Goal of the exercise: Retype each line below precisely and omit all images.

----

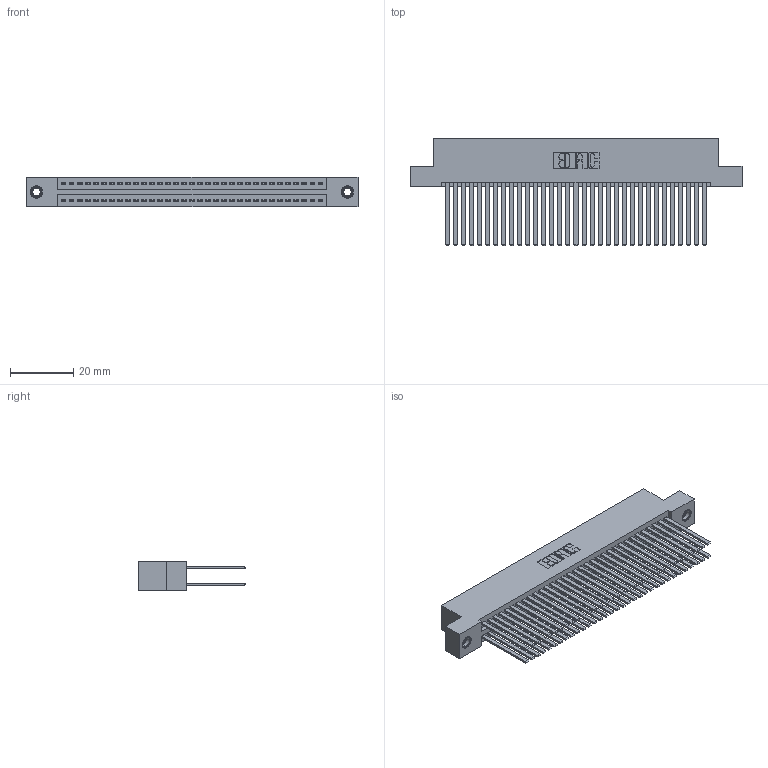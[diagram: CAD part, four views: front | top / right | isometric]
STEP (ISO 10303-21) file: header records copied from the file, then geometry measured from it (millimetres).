
FILE_DESCRIPTION (( 'STEP AP203' ), '1' );
FILE_NAME ('345-066-544-207.STEP', '2019-10-30T17:38:32', ( '' ), ( '' ), 'SwSTEP 2.0', 'SolidWorks 2016', '' );
FILE_SCHEMA (( 'CONFIG_CONTROL_DESIGN' ));
Length unit declared in the file: inch
Products named in the file (4): 345-250-001_345-250-005-103; 345 Part_Flush Mounting Lugs - 0.156 Dia-TI; 345-066-544-207; 345-292-001_345-293-144
Assembly tree (69 placements, depth 2):
  345-066-544-207
    345 Part_Flush Mounting Lugs - 0.156 Dia-TI
    345-292-001_345-293-144  x66
    345-250-001_345-250-005-103  x2
Bounding box: 105.03 x 33.96 x 9.4 mm (x, y, z)
Volume: 11030.8 mm3; surface area: 18870.6 mm2
Topology: 69 solids, 69 shells, 3090 faces, 9123 edges, 5986 vertices
Faces by surface type: plane 2026, cylinder 1048, cone 12, torus 4
Entity records: 28106 total; most frequent: CARTESIAN_POINT 4699, ORIENTED_EDGE 4626, DIRECTION 4179, EDGE_CURVE 2313, VECTOR 2033, LINE 2033, VERTEX_POINT 1536, AXIS2_PLACEMENT_3D 1073

----

Response box:
[diagram: CAD part, four views: front | top / right | isometric]
STEP (ISO 10303-21) file: header records copied from the file, then geometry measured from it (millimetres).
FILE_DESCRIPTION (( 'STEP AP203' ), '1' );
FILE_NAME ('345-066-544-207.STEP', '2019-10-30T17:38:32', ( '' ), ( '' ), 'SwSTEP 2.0', 'SolidWorks 2016', '' );
FILE_SCHEMA (( 'CONFIG_CONTROL_DESIGN' ));
Length unit declared in the file: inch
Products named in the file (4): 345-250-001_345-250-005-103; 345 Part_Flush Mounting Lugs - 0.156 Dia-TI; 345-066-544-207; 345-292-001_345-293-144
Assembly tree (69 placements, depth 2):
  345-066-544-207
    345 Part_Flush Mounting Lugs - 0.156 Dia-TI
    345-292-001_345-293-144  x66
    345-250-001_345-250-005-103  x2
Bounding box: 105.03 x 33.96 x 9.4 mm (x, y, z)
Volume: 11030.8 mm3; surface area: 18870.6 mm2
Topology: 69 solids, 69 shells, 3090 faces, 9123 edges, 5986 vertices
Faces by surface type: plane 2026, cylinder 1048, cone 12, torus 4
Entity records: 28106 total; most frequent: CARTESIAN_POINT 4699, ORIENTED_EDGE 4626, DIRECTION 4179, EDGE_CURVE 2313, VECTOR 2033, LINE 2033, VERTEX_POINT 1536, AXIS2_PLACEMENT_3D 1073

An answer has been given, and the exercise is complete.